I know all of the mantras.
Don't wish this time away.
Before you blink, they'll be grown and gone.
The days are long, the years are short.
You can't imagine it now, but you're gonna miss it...best time of my life.
And yet, this morning as I was rushing around to get it all done, I slowed for a moment and remembered...
Fork, knife, spoon, coffee mug, juice glass, water bottle, towels in dryer, whites in the washer, jammies in the pajama drawer, toothbrushes in their holders, pull the covers up, throw the pillows on, pull out of the driveway tuning her favorite CD, kiss her, leave a note in her mailbox, grocery store, apples, can't forget the toilet paper, Target, why am I here at least twice a week?, gas station, why do these birds keep shitting on the car?, bank, deposit jewelry money, meeting at church, back to the preschool, oh my God...I'm not drinking enough water for the race tomorrow, shit...what if I get lost on the course?, and now she's whining, uh oh, she feels warm, oh no, no fevers before tomorrow, back to the house, boil water for the macaroni and cheese, construction paper on the table, oil pastels, you spell it...C...L...A...I...R...E., shit, I forgot to pull his work shirt out of the dryer, have to call back the dentist, she needs to get that tooth pulled, why won't they let us wear headphones on the course?, can I run the whole time without music?, is his jersey clean for the football game tomorrow? damn, macaroni and cheese boiling over...

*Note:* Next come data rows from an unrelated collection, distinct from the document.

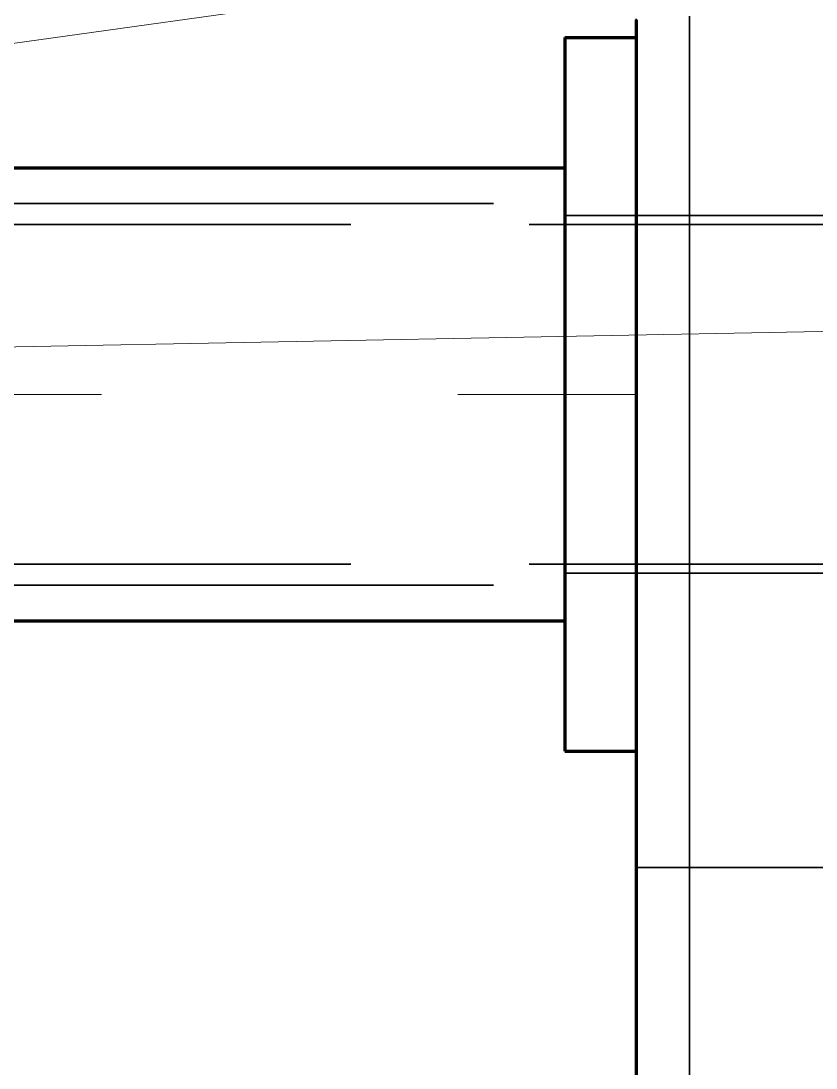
# Model space of a CAD drawing. Header units: millimetres. Extents: x 0 to 2208, y 0 to 420.
# Drawn here: x 104.63 to 109.09, y 154.99 to 160.86 of the extents above; entities that cross this region are included whole.
import ezdxf

# ---------------------------------------------------------------- set-up
doc = ezdxf.new("R2010")
doc.units = ezdxf.units.MM
doc.linetypes.add('IRAM-E-TRAZOS', pattern=[5, 4, -1])
doc.linetypes.add('IRAM-F-TRAZO-PUNTO', pattern=[20, 15, -2, 1, -2])
for name, color, linetype, lineweight in [('01-VISIBLE', 7, 'CONTINUOUS', 70), ('02-OCULTA', 4, 'IRAM-E-TRAZOS', 35), ('03-EJE', 1, 'IRAM-F-TRAZO-PUNTO', 18), ('08-FINA', 5, 'CONTINUOUS', 18)]:
    doc.layers.add(name, color=color, linetype=linetype, lineweight=lineweight)

msp = doc.modelspace()

# ---------------------------------------------------------------- linework, layer by layer
at = {"layer": '01-VISIBLE'}
for p, q in [((107.6841, 160.7659), (108.0841, 160.7659)), ((73.2841, 160.0359), (107.6841, 160.0359)), ((73.2841, 157.4959), (107.6841, 157.4959)), ((107.6841, 156.7659), (108.0841, 156.7659))]:
    msp.add_line(p, q, dxfattribs=at)
for points in [[(108.0841, 160.8659), (108.0841, 160.7909), (108.0841, 160.7159), (108.0841, 160.6409), (108.0841, 160.5659), (108.0841, 160.4909), (108.0841, 160.4159), (108.0841, 160.3409), (108.0841, 160.2659), (108.0841, 160.1909), (108.0841, 160.1159), (108.0841, 160.0409), (108.0841, 159.9659), (108.0841, 159.8909), (108.0841, 159.8159), (108.0841, 159.7409), (108.0841, 159.6659), (108.0841, 159.5909), (108.0841, 159.5159), (108.0841, 159.4409), (108.0841, 159.3659), (108.0841, 159.2909), (108.0841, 159.2159), (108.0841, 159.1409), (108.0841, 159.0659), (108.0841, 158.9909), (108.0841, 158.9159), (108.0841, 158.8409), (108.0841, 158.7659), (108.0841, 158.6909), (108.0841, 158.6159), (108.0841, 158.5409), (108.0841, 158.4659), (108.0841, 158.3909), (108.0841, 158.3159), (108.0841, 158.2409), (108.0841, 158.1659), (108.0841, 158.0909), (108.0841, 158.0159), (108.0841, 157.9409), (108.0841, 157.8659), (108.0841, 157.7909), (108.0841, 157.7159), (108.0841, 157.6409), (108.0841, 157.5659), (108.0841, 157.4909), (108.0841, 157.4159), (108.0841, 157.3409), (108.0841, 157.2659), (108.0841, 157.1909), (108.0841, 157.1159), (108.0841, 157.0409), (108.0841, 156.9659), (108.0841, 156.8909), (108.0841, 156.8159), (108.0841, 156.7409), (108.0841, 156.6659), (108.0841, 156.5909), (108.0841, 156.5159), (108.0841, 156.4409), (108.0841, 156.3659), (108.0841, 156.2909), (108.0841, 156.2159), (108.0841, 156.1409), (108.0841, 156.0659), (108.0841, 155.9909), (108.0841, 155.9159), (108.0841, 155.8409), (108.0841, 155.7659), (108.0841, 155.6909), (108.0841, 155.6159), (108.0841, 155.5409), (108.0841, 155.4659), (108.0841, 155.3909), (108.0841, 155.3159), (108.0841, 155.2409), (108.0841, 155.1659), (108.0841, 155.0909), (108.0841, 155.0159), (108.0841, 154.9409)], [(107.6841, 160.7659), (107.6841, 160.7159), (107.6841, 160.6659), (107.6841, 160.6159), (107.6841, 160.5659), (107.6841, 160.5159), (107.6841, 160.4659), (107.6841, 160.4159), (107.6841, 160.3659), (107.6841, 160.3159), (107.6841, 160.2659), (107.6841, 160.2159), (107.6841, 160.1659), (107.6841, 160.1159), (107.6841, 160.0659), (107.6841, 160.0159), (107.6841, 159.9659), (107.6841, 159.9159), (107.6841, 159.8659), (107.6841, 159.8159), (107.6841, 159.7659), (107.6841, 159.7159), (107.6841, 159.6659), (107.6841, 159.6159), (107.6841, 159.5659), (107.6841, 159.5159), (107.6841, 159.4659), (107.6841, 159.4159), (107.6841, 159.3659), (107.6841, 159.3159), (107.6841, 159.2659), (107.6841, 159.2159), (107.6841, 159.1659), (107.6841, 159.1159), (107.6841, 159.0659), (107.6841, 159.0159), (107.6841, 158.9659), (107.6841, 158.9159), (107.6841, 158.8659), (107.6841, 158.8159), (107.6841, 158.7659), (107.6841, 158.7159), (107.6841, 158.6659), (107.6841, 158.6159), (107.6841, 158.5659), (107.6841, 158.5159), (107.6841, 158.4659), (107.6841, 158.4159), (107.6841, 158.3659), (107.6841, 158.3159), (107.6841, 158.2659), (107.6841, 158.2159), (107.6841, 158.1659), (107.6841, 158.1159), (107.6841, 158.0659), (107.6841, 158.0159), (107.6841, 157.9659), (107.6841, 157.9159), (107.6841, 157.8659), (107.6841, 157.8159), (107.6841, 157.7659), (107.6841, 157.7159), (107.6841, 157.6659), (107.6841, 157.6159), (107.6841, 157.5659), (107.6841, 157.5159), (107.6841, 157.4659), (107.6841, 157.4159), (107.6841, 157.3659), (107.6841, 157.3159), (107.6841, 157.2659), (107.6841, 157.2159), (107.6841, 157.1659), (107.6841, 157.1159), (107.6841, 157.0659), (107.6841, 157.0159), (107.6841, 156.9659), (107.6841, 156.9159), (107.6841, 156.8659), (107.6841, 156.8159), (107.6841, 156.7659)]]:
    msp.add_lwpolyline(points, dxfattribs=at)
at = {"layer": '02-OCULTA'}
for p, q in [((73.2841, 159.8359), (107.6841, 159.8359)), ((107.6841, 159.7684), (108.0841, 159.7684)), ((108.0841, 159.7684), (113.0841, 159.7684)), ((67.4841, 159.7184), (113.4841, 159.7184)), ((67.4841, 157.8134), (113.4841, 157.8134)), ((107.6841, 157.7634), (108.0841, 157.7634)), ((108.0841, 157.7634), (113.0841, 157.7634)), ((73.2841, 157.6959), (107.6841, 157.6959)), ((108.0841, 156.1134), (110.4591, 156.1134))]:
    msp.add_line(p, q, dxfattribs=at)
for points in [[(108.3841, 160.8859), (108.3841, 160.8329), (108.3841, 160.7799), (108.3841, 160.7269), (108.3841, 160.6739), (108.3841, 160.6209), (108.3841, 160.5679), (108.3841, 160.5149), (108.3841, 160.4619), (108.3841, 160.4089), (108.3841, 160.3559), (108.3841, 160.3029), (108.3841, 160.2499), (108.3841, 160.1969), (108.3841, 160.1439), (108.3841, 160.0909), (108.3841, 160.0379), (108.3841, 159.9849), (108.3841, 159.9319), (108.3841, 159.8789), (108.3841, 159.8259), (108.3841, 159.7729), (108.3841, 159.7199), (108.3841, 159.6669), (108.3841, 159.6139), (108.3841, 159.5609), (108.3841, 159.5079), (108.3841, 159.4549), (108.3841, 159.4019), (108.3841, 159.3489), (108.3841, 159.2959), (108.3841, 159.2429), (108.3841, 159.1899), (108.3841, 159.1369), (108.3841, 159.0839), (108.3841, 159.0309), (108.3841, 158.9779), (108.3841, 158.9249), (108.3841, 158.8719), (108.3841, 158.8189), (108.3841, 158.7659), (108.3841, 158.7129), (108.3841, 158.6599), (108.3841, 158.6069), (108.3841, 158.5539), (108.3841, 158.5009), (108.3841, 158.4479), (108.3841, 158.3949), (108.3841, 158.3419), (108.3841, 158.2889), (108.3841, 158.2359), (108.3841, 158.1829), (108.3841, 158.1299), (108.3841, 158.0769), (108.3841, 158.0239), (108.3841, 157.9709), (108.3841, 157.9179), (108.3841, 157.8649), (108.3841, 157.8119), (108.3841, 157.7589), (108.3841, 157.7059), (108.3841, 157.6529), (108.3841, 157.5999), (108.3841, 157.5469), (108.3841, 157.4939), (108.3841, 157.4409), (108.3841, 157.3879), (108.3841, 157.3349), (108.3841, 157.2819), (108.3841, 157.2289), (108.3841, 157.1759), (108.3841, 157.1229), (108.3841, 157.0699), (108.3841, 157.0169), (108.3841, 156.9639), (108.3841, 156.9109), (108.3841, 156.8579), (108.3841, 156.8049), (108.3841, 156.7519), (108.3841, 156.6989), (108.3841, 156.6459), (108.3841, 156.5929), (108.3841, 156.5399), (108.3841, 156.4869), (108.3841, 156.4339), (108.3841, 156.3809), (108.3841, 156.3279), (108.3841, 156.2749), (108.3841, 156.2219), (108.3841, 156.1689), (108.3841, 156.1159), (108.3841, 156.0629), (108.3841, 156.0099), (108.3841, 155.9569), (108.3841, 155.9039), (108.3841, 155.8509), (108.3841, 155.7979), (108.3841, 155.7449), (108.3841, 155.6919), (108.3841, 155.6389), (108.3841, 155.5859), (108.3841, 155.5329), (108.3841, 155.4799), (108.3841, 155.4269), (108.3841, 155.3739), (108.3841, 155.3209), (108.3841, 155.2679), (108.3841, 155.2149), (108.3841, 155.1619), (108.3841, 155.1089), (108.3841, 155.0559), (108.3841, 155.0029), (108.3841, 154.9499)], [(108.3841, 154.9499), (108.3841, 155.0029), (108.3841, 155.0559), (108.3841, 155.1089), (108.3841, 155.1619), (108.3841, 155.2149), (108.3841, 155.2679), (108.3841, 155.3209), (108.3841, 155.3739), (108.3841, 155.4269), (108.3841, 155.4799), (108.3841, 155.5329), (108.3841, 155.5859), (108.3841, 155.6389), (108.3841, 155.6919), (108.3841, 155.7449), (108.3841, 155.7979), (108.3841, 155.8509), (108.3841, 155.9039), (108.3841, 155.9569), (108.3841, 156.0099), (108.3841, 156.0629), (108.3841, 156.1159), (108.3841, 156.1689), (108.3841, 156.2219), (108.3841, 156.2749), (108.3841, 156.3279), (108.3841, 156.3809), (108.3841, 156.4339), (108.3841, 156.4869), (108.3841, 156.5399), (108.3841, 156.5929), (108.3841, 156.6459), (108.3841, 156.6989), (108.3841, 156.7519), (108.3841, 156.8049), (108.3841, 156.8579), (108.3841, 156.9109), (108.3841, 156.9639), (108.3841, 157.0169), (108.3841, 157.0699), (108.3841, 157.1229), (108.3841, 157.1759), (108.3841, 157.2289), (108.3841, 157.2819), (108.3841, 157.3349), (108.3841, 157.3879), (108.3841, 157.4409), (108.3841, 157.4939), (108.3841, 157.5469), (108.3841, 157.5999), (108.3841, 157.6529), (108.3841, 157.7059), (108.3841, 157.7589), (108.3841, 157.8119), (108.3841, 157.8649), (108.3841, 157.9179), (108.3841, 157.9709), (108.3841, 158.0239), (108.3841, 158.0769), (108.3841, 158.1299), (108.3841, 158.1829), (108.3841, 158.2359), (108.3841, 158.2889), (108.3841, 158.3419), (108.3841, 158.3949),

This is about 3.5 hours of my morning. I know, you're glad you're not me.
I live in my head a lot. Remembering, planning, strategizing, organizing, keeping track, praying, hoping, being grateful.
And while I trust that this time is sacred, it is also incredibly exhausting and full, very, very full.
I'm certain that many other women do it better. They have systems in place. They're creative. They're organized. Or, they just don't give a shit.
I'm in the space of trying to be appreciative while simultaneously being butt ass tired.
So, it's hard to not want this time to pass because I really do look forward to space, time to think, the idea of being alone, and a bit more sufficiency from my littles.
But as I look at them and listen to them, I am mindful that this is the great adventure, exhausting as it may be.